System Design: Health Check & Heartbeat System

Requirements

Functional Requirements:

Expose health check endpoints on every service: liveness (is the process alive?) and readiness (is it ready to serve traffic?)
Detect unhealthy instances within 10 seconds and remove from load balancer rotation
Aggregate health status for dependencies: database connections, cache reachability, downstream services
Distinguish between temporary degradation (not ready) and permanent failure (not alive)
Provide a global health dashboard: overall system health, per-service status, dependency graph
Support scheduled maintenance: mark instances as draining without triggering alerts

Non-Functional Requirements:

Health check probes complete in under 100ms (must not block on slow operations)
False positive rate under 0.1%: healthy instances incorrectly marked as failing
Monitor 100,000 service instances across 1,000 services
Health status propagates to load balancers and service discovery within 5 seconds of failure

Scale Estimation

100,000 instances, health checked every 10 seconds = 10,000 health checks/sec. Each check is an HTTP GET to /healthz returning a JSON payload (~500 bytes). Network: 10,000 × 500 bytes = 5 MB/sec from health check responses — negligible. Health check infrastructure: if centralized (one checker polls all instances), 10,000 HTTP requests/sec per checker server — easily handled by a Go or C++ HTTP client with connection pooling. Decentralized (each load balancer node checks its backends) distributes the load: 100 LB nodes × 100 backends each = 10,000 checks/sec distributed across 100 nodes = 100/sec per LB node.

High-Level Architecture

Health checks operate at two levels: active (the health check system initiates requests to services) and passive (the service itself reports status via heartbeats or the load balancer infers health from real traffic error rates).

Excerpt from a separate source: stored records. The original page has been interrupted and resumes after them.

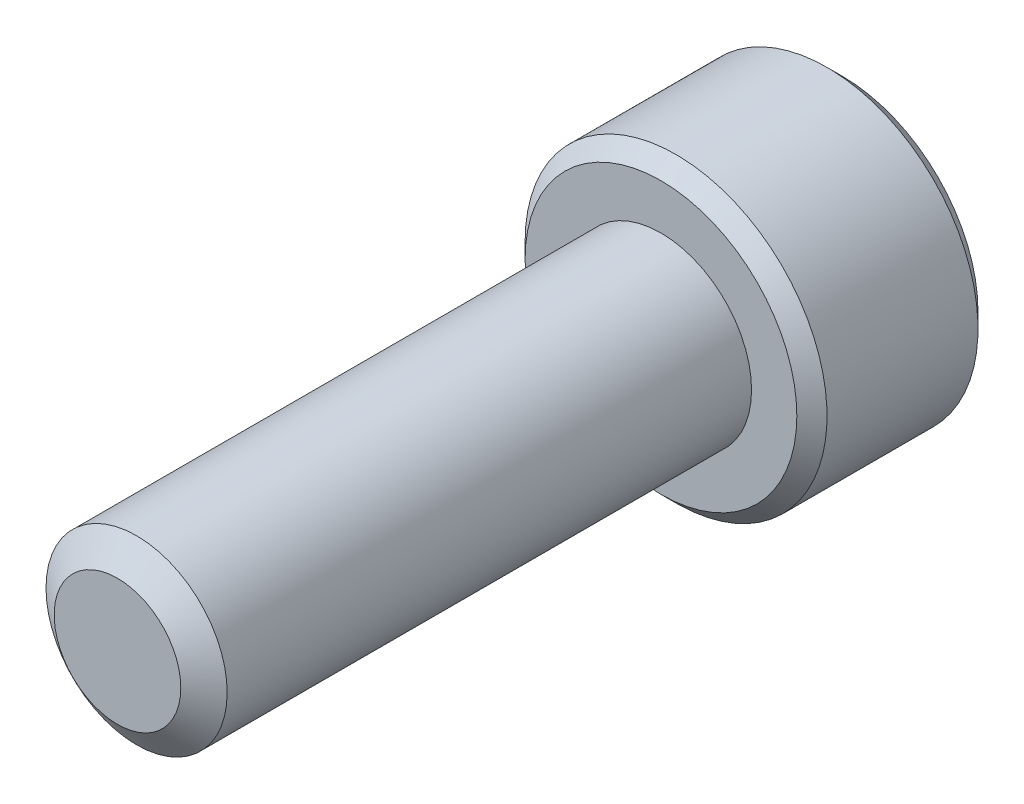
ISO-10303-21;
HEADER;
FILE_DESCRIPTION(('STEP AP214'),'2;1');
FILE_NAME('part.step','',(''),(''),'','','');
FILE_SCHEMA(('AUTOMOTIVE_DESIGN { 1 0 10303 214 1 1 1 1 }'));
ENDSEC;
DATA;
#1=APPLICATION_CONTEXT('core data for automotive mechanical design processes');
#2=APPLICATION_PROTOCOL_DEFINITION('international standard','automotive_design',2000,#1);
#3=PRODUCT_CONTEXT('',#1,'mechanical');
#4=PRODUCT('Part','Part','',(#3));
#5=PRODUCT_RELATED_PRODUCT_CATEGORY('part','',(#4));
#6=PRODUCT_DEFINITION_FORMATION('','',#4);
#7=PRODUCT_DEFINITION_CONTEXT('part definition',#1,'design');
#8=PRODUCT_DEFINITION('design','',#6,#7);
#9=PRODUCT_DEFINITION_SHAPE('','',#8);
#10=(LENGTH_UNIT() NAMED_UNIT(*) SI_UNIT(.MILLI.,.METRE.));
#11=(NAMED_UNIT(*) PLANE_ANGLE_UNIT() SI_UNIT($,.RADIAN.));
#12=(NAMED_UNIT(*) SI_UNIT($,.STERADIAN.) SOLID_ANGLE_UNIT());
#13=UNCERTAINTY_MEASURE_WITH_UNIT(LENGTH_MEASURE(1.E-05),#10,'distance_accuracy_value','');
#14=(GEOMETRIC_REPRESENTATION_CONTEXT(3) GLOBAL_UNCERTAINTY_ASSIGNED_CONTEXT((#13)) GLOBAL_UNIT_ASSIGNED_CONTEXT((#10,
#11,#12)) REPRESENTATION_CONTEXT('',''));
#15=CARTESIAN_POINT('',(0.,0.,0.));
#16=DIRECTION('',(0.,0.,1.));
#17=DIRECTION('',(1.,0.,0.));
#18=AXIS2_PLACEMENT_3D('',#15,#16,#17);
#19=CARTESIAN_POINT('',(0.,0.,-18.));
#20=DIRECTION('',(0.,0.,1.));
#21=DIRECTION('',(1.,0.,0.));
#22=AXIS2_PLACEMENT_3D('',#19,#20,#21);
#23=CYLINDRICAL_SURFACE('',#22,3.);
#24=CARTESIAN_POINT('',(0.,0.,-18.));
#25=DIRECTION('',(0.,0.,-1.));
#26=DIRECTION('',(-1.,0.,0.));
#27=AXIS2_PLACEMENT_3D('',#24,#25,#26);
#28=CIRCLE('',#27,3.);
#29=CARTESIAN_POINT('',(-3.,0.,-18.));
#30=VERTEX_POINT('',#29);
#31=EDGE_CURVE('E154',#30,#30,#28,.F.);
#32=ORIENTED_EDGE('',*,*,#31,.T.);
#33=EDGE_LOOP('',(#32));
#34=FACE_BOUND('',#33,.T.);
#35=CARTESIAN_POINT('',(0.,0.,-0.632650851713494));
#36=DIRECTION('',(0.,0.,1.));
#37=DIRECTION('',(1.,0.,0.));
#38=AXIS2_PLACEMENT_3D('',#35,#36,#37);
#39=CIRCLE('',#38,3.);
#40=CARTESIAN_POINT('',(3.,0.,-0.632650851713494));
#41=VERTEX_POINT('',#40);
#42=EDGE_CURVE('E171',#41,#41,#39,.T.);
#43=ORIENTED_EDGE('',*,*,#42,.F.);
#44=EDGE_LOOP('',(#43));
#45=FACE_BOUND('',#44,.T.);
#46=ADVANCED_FACE('F39',(#34,#45),#23,.T.);
#47=CARTESIAN_POINT('',(0.,0.,0.));
#48=DIRECTION('',(0.,0.,-1.));
#49=DIRECTION('',(-1.,0.,0.));
#50=AXIS2_PLACEMENT_3D('',#47,#48,#49);
#51=CONICAL_SURFACE('',#50,2.09648094716167,0.959931088596884);
#52=ORIENTED_EDGE('',*,*,#42,.T.);
#53=EDGE_LOOP('',(#52));
#54=FACE_BOUND('',#53,.T.);
#55=CARTESIAN_POINT('',(0.,0.,0.));
#56=DIRECTION('',(0.,0.,1.));
#57=DIRECTION('',(1.,0.,0.));
#58=AXIS2_PLACEMENT_3D('',#55,#56,#57);
#59=CIRCLE('',#58,2.09648094716167);
#60=CARTESIAN_POINT('',(2.09648094716167,0.,0.));
#61=VERTEX_POINT('',#60);
#62=EDGE_CURVE('E167',#61,#61,#59,.T.);
#63=ORIENTED_EDGE('',*,*,#62,.F.);
#64=EDGE_LOOP('',(#63));
#65=FACE_BOUND('',#64,.T.);
#66=ADVANCED_FACE('F220',(#54,#65),#51,.T.);
#67=CARTESIAN_POINT('',(0.,0.,0.));
#68=DIRECTION('',(0.,0.,1.));
#69=DIRECTION('',(1.,0.,0.));
#70=AXIS2_PLACEMENT_3D('',#67,#68,#69);
#71=PLANE('',#70);
#72=ORIENTED_EDGE('',*,*,#62,.T.);
#73=EDGE_LOOP('',(#72));
#74=FACE_BOUND('',#73,.T.);
#75=ADVANCED_FACE('F226',(#74),#71,.T.);
#76=CARTESIAN_POINT('',(0.,0.,-24.));
#77=DIRECTION('',(0.,0.,1.));
#78=DIRECTION('',(1.,0.,0.));
#79=AXIS2_PLACEMENT_3D('',#76,#77,#78);
#80=CYLINDRICAL_SURFACE('',#79,5.);
#81=CARTESIAN_POINT('',(0.,0.,-23.5));
#82=DIRECTION('',(0.,0.,-1.));
#83=DIRECTION('',(-1.,0.,0.));
#84=AXIS2_PLACEMENT_3D('',#81,#82,#83);
#85=CIRCLE('',#84,5.);
#86=CARTESIAN_POINT('',(-5.,0.,-23.5));
#87=VERTEX_POINT('',#86);
#88=EDGE_CURVE('E48',#87,#87,#85,.F.);
#89=ORIENTED_EDGE('',*,*,#88,.T.);
#90=EDGE_LOOP('',(#89));
#91=FACE_BOUND('',#90,.T.);
#92=CARTESIAN_POINT('',(0.,0.,-18.5));
#93=DIRECTION('',(0.,0.,-1.));
#94=DIRECTION('',(-1.,0.,0.));
#95=AXIS2_PLACEMENT_3D('',#92,#93,#94);
#96=CIRCLE('',#95,5.);
#97=CARTESIAN_POINT('',(-5.,0.,-18.5));
#98=VERTEX_POINT('',#97);
#99=EDGE_CURVE('E179',#98,#98,#96,.T.);
#100=ORIENTED_EDGE('',*,*,#99,.T.);
#101=EDGE_LOOP('',(#100));
#102=FACE_BOUND('',#101,.T.);
#103=ADVANCED_FACE('F186',(#91,#102),#80,.T.);
#104=CARTESIAN_POINT('',(0.,0.,-24.));
#105=DIRECTION('',(0.,0.,-1.));
#106=DIRECTION('',(-1.,0.,0.));
#107=AXIS2_PLACEMENT_3D('',#104,#105,#106);
#108=PLANE('',#107);
#109=CARTESIAN_POINT('',(0.,0.,-24.));
#110=DIRECTION('',(0.,0.,-1.));
#111=DIRECTION('',(-1.,0.,0.));
#112=AXIS2_PLACEMENT_3D('',#109,#110,#111);
#113=CIRCLE('',#112,4.5);
#114=CARTESIAN_POINT('',(-4.5,0.,-24.));
#115=VERTEX_POINT('',#114);
#116=EDGE_CURVE('E175',#115,#115,#113,.T.);
#117=ORIENTED_EDGE('',*,*,#116,.T.);
#118=EDGE_LOOP('',(#117));
#119=FACE_BOUND('',#118,.T.);
#120=DIRECTION('',(0.866025403784439,0.5,0.));
#121=VECTOR('',#120,1.);
#122=CARTESIAN_POINT('',(-2.5,1.44337567297406,-24.));
#123=LINE('',#122,#121);
#124=CARTESIAN_POINT('',(-2.5,1.44337567297406,-24.));
#125=VERTEX_POINT('',#124);
#126=CARTESIAN_POINT('',(0.,2.88675134594813,-24.));
#127=VERTEX_POINT('',#126);
#128=EDGE_CURVE('E55',#125,#127,#123,.T.);
#129=ORIENTED_EDGE('',*,*,#128,.F.);
#130=DIRECTION('',(0.,1.,0.));
#131=VECTOR('',#130,1.);
#132=CARTESIAN_POINT('',(-2.5,-1.44337567297406,-24.));
#133=LINE('',#132,#131);
#134=CARTESIAN_POINT('',(-2.5,-1.44337567297406,-24.));
#135=VERTEX_POINT('',#134);
#136=EDGE_CURVE('E148',#135,#125,#133,.T.);
#137=ORIENTED_EDGE('',*,*,#136,.F.);
#138=DIRECTION('',(-0.866025403784439,0.5,0.));
#139=VECTOR('',#138,1.);
#140=CARTESIAN_POINT('',(0.,-2.88675134594813,-24.));
#141=LINE('',#140,#139);
#142=CARTESIAN_POINT('',(0.,-2.88675134594813,-24.));
#143=VERTEX_POINT('',#142);
#144=EDGE_CURVE('E145',#143,#135,#141,.T.);
#145=ORIENTED_EDGE('',*,*,#144,.F.);
#146=DIRECTION('',(-0.866025403784439,-0.5,0.));
#147=VECTOR('',#146,1.);
#148=CARTESIAN_POINT('',(2.5,-1.44337567297407,-24.));
#149=LINE('',#148,#147);
#150=CARTESIAN_POINT('',(2.5,-1.44337567297407,-24.));
#151=VERTEX_POINT('',#150);
#152=EDGE_CURVE('E103',#151,#143,#149,.T.);
#153=ORIENTED_EDGE('',*,*,#152,.F.);
#154=DIRECTION('',(0.,-1.,0.));
#155=VECTOR('',#154,1.);
#156=CARTESIAN_POINT('',(2.5,1.44337567297406,-24.));
#157=LINE('',#156,#155);
#158=CARTESIAN_POINT('',(2.5,1.44337567297406,-24.));
#159=VERTEX_POINT('',#158);
#160=EDGE_CURVE('E139',#159,#151,#157,.T.);
#161=ORIENTED_EDGE('',*,*,#160,.F.);
#162=DIRECTION('',(0.866025403784439,-0.5,0.));
#163=VECTOR('',#162,1.);
#164=CARTESIAN_POINT('',(0.,2.88675134594813,-24.));
#165=LINE('',#164,#163);
#166=EDGE_CURVE('E135',#127,#159,#165,.T.);
#167=ORIENTED_EDGE('',*,*,#166,.F.);
#168=EDGE_LOOP('',(#129,#137,#145,#153,#161,#167));
#169=FACE_BOUND('',#168,.T.);
#170=ADVANCED_FACE('F194',(#119,#169),#108,.T.);
#171=CARTESIAN_POINT('',(0.,0.,-18.));
#172=DIRECTION('',(0.,0.,-1.));
#173=DIRECTION('',(-1.,0.,0.));
#174=AXIS2_PLACEMENT_3D('',#171,#172,#173);
#175=PLANE('',#174);
#176=CARTESIAN_POINT('',(0.,0.,-18.));
#177=DIRECTION('',(0.,0.,-1.));
#178=DIRECTION('',(-1.,0.,0.));
#179=AXIS2_PLACEMENT_3D('',#176,#177,#178);
#180=CIRCLE('',#179,4.5);
#181=CARTESIAN_POINT('',(-4.5,0.,-18.));
#182=VERTEX_POINT('',#181);
#183=EDGE_CURVE('E11',#182,#182,#180,.F.);
#184=ORIENTED_EDGE('',*,*,#183,.T.);
#185=EDGE_LOOP('',(#184));
#186=FACE_BOUND('',#185,.T.);
#187=ORIENTED_EDGE('',*,*,#31,.F.);
#188=EDGE_LOOP('',(#187));
#189=FACE_BOUND('',#188,.T.);
#190=ADVANCED_FACE('F197',(#186,#189),#175,.F.);
#191=CARTESIAN_POINT('',(-2.5,1.44337567297406,-20.25));
#192=DIRECTION('',(-0.5,0.866025403784439,0.));
#193=DIRECTION('',(-0.866025403784439,-0.5,0.));
#194=AXIS2_PLACEMENT_3D('',#191,#192,#193);
#195=PLANE('',#194);
#196=ORIENTED_EDGE('',*,*,#128,.T.);
#197=DIRECTION('',(0.,0.,-1.));
#198=VECTOR('',#197,1.);
#199=CARTESIAN_POINT('',(0.,2.88675134594813,-20.25));
#200=LINE('',#199,#198);
#201=CARTESIAN_POINT('',(0.,2.88675134594813,-20.25));
#202=VERTEX_POINT('',#201);
#203=EDGE_CURVE('E85',#202,#127,#200,.T.);
#204=ORIENTED_EDGE('',*,*,#203,.F.);
#205=DIRECTION('',(0.866025403784439,0.5,0.));
#206=VECTOR('',#205,1.);
#207=CARTESIAN_POINT('',(-2.5,1.44337567297406,-20.25));
#208=LINE('',#207,#206);
#209=CARTESIAN_POINT('',(-2.5,1.44337567297406,-20.25));
#210=VERTEX_POINT('',#209);
#211=EDGE_CURVE('E151',#210,#202,#208,.T.);
#212=ORIENTED_EDGE('',*,*,#211,.F.);
#213=DIRECTION('',(0.,0.,-1.));
#214=VECTOR('',#213,1.);
#215=CARTESIAN_POINT('',(-2.5,1.44337567297406,-20.25));
#216=LINE('',#215,#214);
#217=EDGE_CURVE('E63',#210,#125,#216,.T.);
#218=ORIENTED_EDGE('',*,*,#217,.T.);
#219=EDGE_LOOP('',(#196,#204,#212,#218));
#220=FACE_BOUND('',#219,.T.);
#221=ADVANCED_FACE('F207',(#220),#195,.F.);
#222=CARTESIAN_POINT('',(-2.5,-1.44337567297406,-20.25));
#223=DIRECTION('',(-1.,0.,0.));
#224=DIRECTION('',(0.,-1.,0.));
#225=AXIS2_PLACEMENT_3D('',#222,#223,#224);
#226=PLANE('',#225);
#227=ORIENTED_EDGE('',*,*,#136,.T.);
#228=ORIENTED_EDGE('',*,*,#217,.F.);
#229=DIRECTION('',(0.,1.,0.));
#230=VECTOR('',#229,1.);
#231=CARTESIAN_POINT('',(-2.5,-1.44337567297406,-20.25));
#232=LINE('',#231,#230);
#233=CARTESIAN_POINT('',(-2.5,-1.44337567297406,-20.25));
#234=VERTEX_POINT('',#233);
#235=EDGE_CURVE('E117',#234,#210,#232,.T.);
#236=ORIENTED_EDGE('',*,*,#235,.F.);
#237=DIRECTION('',(0.,0.,-1.));
#238=VECTOR('',#237,1.);
#239=CARTESIAN_POINT('',(-2.5,-1.44337567297406,-20.25));
#240=LINE('',#239,#238);
#241=EDGE_CURVE('E108',#234,#135,#240,.T.);
#242=ORIENTED_EDGE('',*,*,#241,.T.);
#243=EDGE_LOOP('',(#227,#228,#236,#242));
#244=FACE_BOUND('',#243,.T.);
#245=ADVANCED_FACE('F209',(#244),#226,.F.);
#246=CARTESIAN_POINT('',(0.,-2.88675134594813,-20.25));
#247=DIRECTION('',(-0.5,-0.866025403784439,0.));
#248=DIRECTION('',(0.866025403784439,-0.5,0.));
#249=AXIS2_PLACEMENT_3D('',#246,#247,#248);
#250=PLANE('',#249);
#251=ORIENTED_EDGE('',*,*,#144,.T.);
#252=ORIENTED_EDGE('',*,*,#241,.F.);
#253=DIRECTION('',(-0.866025403784439,0.5,0.));
#254=VECTOR('',#253,1.);
#255=CARTESIAN_POINT('',(0.,-2.88675134594813,-20.25));
#256=LINE('',#255,#254);
#257=CARTESIAN_POINT('',(0.,-2.88675134594813,-20.25));
#258=VERTEX_POINT('',#257);
#259=EDGE_CURVE('E112',#258,#234,#256,.T.);
#260=ORIENTED_EDGE('',*,*,#259,.F.);
#261=DIRECTION('',(0.,0.,-1.));
#262=VECTOR('',#261,1.);
#263=CARTESIAN_POINT('',(0.,-2.88675134594813,-20.25));
#264=LINE('',#263,#262);
#265=EDGE_CURVE('E96',#258,#143,#264,.T.);
#266=ORIENTED_EDGE('',*,*,#265,.T.);
#267=EDGE_LOOP('',(#251,#252,#260,#266));
#268=FACE_BOUND('',#267,.T.);
#269=ADVANCED_FACE('F113',(#268),#250,.F.);
#270=CARTESIAN_POINT('',(2.5,-1.44337567297407,-20.25));
#271=DIRECTION('',(0.5,-0.866025403784439,0.));
#272=DIRECTION('',(0.866025403784439,0.5,0.));
#273=AXIS2_PLACEMENT_3D('',#270,#271,#272);
#274=PLANE('',#273);
#275=ORIENTED_EDGE('',*,*,#152,.T.);
#276=ORIENTED_EDGE('',*,*,#265,.F.);
#277=DIRECTION('',(-0.866025403784439,-0.5,0.));
#278=VECTOR('',#277,1.);
#279=CARTESIAN_POINT('',(2.5,-1.44337567297407,-20.25));
#280=LINE('',#279,#278);
#281=CARTESIAN_POINT('',(2.5,-1.44337567297407,-20.25));
#282=VERTEX_POINT('',#281);
#283=EDGE_CURVE('E100',#282,#258,#280,.T.);
#284=ORIENTED_EDGE('',*,*,#283,.F.);
#285=DIRECTION('',(0.,0.,-1.));
#286=VECTOR('',#285,1.);
#287=CARTESIAN_POINT('',(2.5,-1.44337567297407,-20.25));
#288=LINE('',#287,#286);
#289=EDGE_CURVE('E109',#282,#151,#288,.T.);
#290=ORIENTED_EDGE('',*,*,#289,.T.);
#291=EDGE_LOOP('',(#275,#276,#284,#290));
#292=FACE_BOUND('',#291,.T.);
#293=ADVANCED_FACE('F98',(#292),#274,.F.);
#294=CARTESIAN_POINT('',(2.5,1.44337567297406,-20.25));
#295=DIRECTION('',(1.,0.,0.));
#296=DIRECTION('',(0.,0.,-1.));
#297=AXIS2_PLACEMENT_3D('',#294,#295,#296);
#298=PLANE('',#297);
#299=ORIENTED_EDGE('',*,*,#160,.T.);
#300=ORIENTED_EDGE('',*,*,#289,.F.);
#301=DIRECTION('',(0.,-1.,0.));
#302=VECTOR('',#301,1.);
#303=CARTESIAN_POINT('',(2.5,1.44337567297406,-20.25));
#304=LINE('',#303,#302);
#305=CARTESIAN_POINT('',(2.5,1.44337567297406,-20.25));
#306=VERTEX_POINT('',#305);
#307=EDGE_CURVE('E123',#306,#282,#304,.T.);
#308=ORIENTED_EDGE('',*,*,#307,.F.);
#309=DIRECTION('',(0.,0.,-1.));
#310=VECTOR('',#309,1.);
#311=CARTESIAN_POINT('',(2.5,1.44337567297406,-20.25));
#312=LINE('',#311,#310);
#313=EDGE_CURVE('E159',#306,#159,#312,.T.);
#314=ORIENTED_EDGE('',*,*,#313,.T.);
#315=EDGE_LOOP('',(#299,#300,#308,#314));
#316=FACE_BOUND('',#315,.T.);
#317=ADVANCED_FACE('F281',(#316),#298,.F.);
#318=CARTESIAN_POINT('',(0.,2.88675134594813,-20.25));
#319=DIRECTION('',(0.5,0.866025403784439,0.));
#320=DIRECTION('',(-0.866025403784439,0.5,0.));
#321=AXIS2_PLACEMENT_3D('',#318,#319,#320);
#322=PLANE('',#321);
#323=ORIENTED_EDGE('',*,*,#166,.T.);
#324=ORIENTED_EDGE('',*,*,#313,.F.);
#325=DIRECTION('',(0.866025403784439,-0.5,0.));
#326=VECTOR('',#325,1.);
#327=CARTESIAN_POINT('',(0.,2.88675134594813,-20.25));
#328=LINE('',#327,#326);
#329=EDGE_CURVE('E127',#202,#306,#328,.T.);
#330=ORIENTED_EDGE('',*,*,#329,.F.);
#331=ORIENTED_EDGE('',*,*,#203,.T.);
#332=EDGE_LOOP('',(#323,#324,#330,#331));
#333=FACE_BOUND('',#332,.T.);
#334=ADVANCED_FACE('F203',(#333),#322,.F.);
#335=CARTESIAN_POINT('',(2.5,4.33012701892219,-20.25));
#336=DIRECTION('',(0.,0.,-1.));
#337=DIRECTION('',(-1.,0.,0.));
#338=AXIS2_PLACEMENT_3D('',#335,#336,#337);
#339=PLANE('',#338);
#340=ORIENTED_EDGE('',*,*,#211,.T.);
#341=ORIENTED_EDGE('',*,*,#329,.T.);
#342=ORIENTED_EDGE('',*,*,#307,.T.);
#343=ORIENTED_EDGE('',*,*,#283,.T.);
#344=ORIENTED_EDGE('',*,*,#259,.T.);
#345=ORIENTED_EDGE('',*,*,#235,.T.);
#346=EDGE_LOOP('',(#340,#341,#342,#343,#344,#345));
#347=FACE_BOUND('',#346,.T.);
#348=ADVANCED_FACE('F120',(#347),#339,.T.);
#349=CARTESIAN_POINT('',(0.,0.,-24.));
#350=DIRECTION('',(0.,0.,1.));
#351=DIRECTION('',(1.,0.,0.));
#352=AXIS2_PLACEMENT_3D('',#349,#350,#351);
#353=CONICAL_SURFACE('',#352,4.5,0.785398163397444);
#354=ORIENTED_EDGE('',*,*,#88,.F.);
#355=EDGE_LOOP('',(#354));
#356=FACE_BOUND('',#355,.T.);
#357=ORIENTED_EDGE('',*,*,#116,.F.);
#358=EDGE_LOOP('',(#357));
#359=FACE_BOUND('',#358,.T.);
#360=ADVANCED_FACE('F189',(#356,#359),#353,.T.);
#361=CARTESIAN_POINT('',(0.,0.,-18.5));
#362=DIRECTION('',(0.,0.,-1.));
#363=DIRECTION('',(-1.,0.,0.));
#364=AXIS2_PLACEMENT_3D('',#361,#362,#363);
#365=CONICAL_SURFACE('',#364,5.,0.785398163397454);
#366=ORIENTED_EDGE('',*,*,#183,.F.);
#367=EDGE_LOOP('',(#366));
#368=FACE_BOUND('',#367,.T.);
#369=ORIENTED_EDGE('',*,*,#99,.F.);
#370=EDGE_LOOP('',(#369));
#371=FACE_BOUND('',#370,.T.);
#372=ADVANCED_FACE('F41',(#368,#371),#365,.T.);
#373=CLOSED_SHELL('',(#46,#66,#75,#103,#170,#190,#221,#245,#269,#293,#317,#334,#348,#360,#372));
#374=MANIFOLD_SOLID_BREP('B2',#373);
#375=ADVANCED_BREP_SHAPE_REPRESENTATION('',(#18,#374),#14);
#376=SHAPE_DEFINITION_REPRESENTATION(#9,#375);
ENDSEC;
END-ISO-10303-21;

Active health checks: the load balancer or a dedicated health check service sends HTTP/TCP/gRPC probes to each service instance at regular intervals. If N consecutive probes fail (N=2 or 3), the instance is marked unhealthy. Active checks are the most reliable for detecting dead instances but add probe traffic and require network reachability between the checker and checked.

Passive health checks (outlier detection): infer health from real traffic. If an upstream backend returns 5xx responses for >10% of requests in a rolling 10-request window, Envoy's outlier detection ejects it from the load balancing pool for a configurable period (30 seconds base, doubling on repeated ejections). Passive checks detect real-traffic failures (not just probe failures) and respond faster than waiting for the next active probe cycle.

The Kubernetes probe model separates two failure modes. Liveness probes: if failing, kubelet restarts the container (process is stuck — maybe deadlocked). Readiness probes: if failing, the pod is removed from Service endpoints (process is alive but not ready — warming up, DB connection failing). This separation prevents restart loops for temporarily overloaded services while still removing them from traffic.

Core Components

Liveness vs. Readiness Probe Design

Liveness checks must be fast and independent of external dependencies — they should only verify the process is alive and not deadlocked. A liveness endpoint that checks database connectivity will cause container restarts if the DB is temporarily slow — a very undesirable behavior. Liveness: return 200 if the process can respond to HTTP requests. Readiness: check actual service capability — can it connect to its primary DB? Is its in-memory cache warm? Is it within SLO for current request latency? Startup probe: a third probe type with a longer initial timeout (for slow-starting services like JVM applications) that transitions to the liveness probe after the first success.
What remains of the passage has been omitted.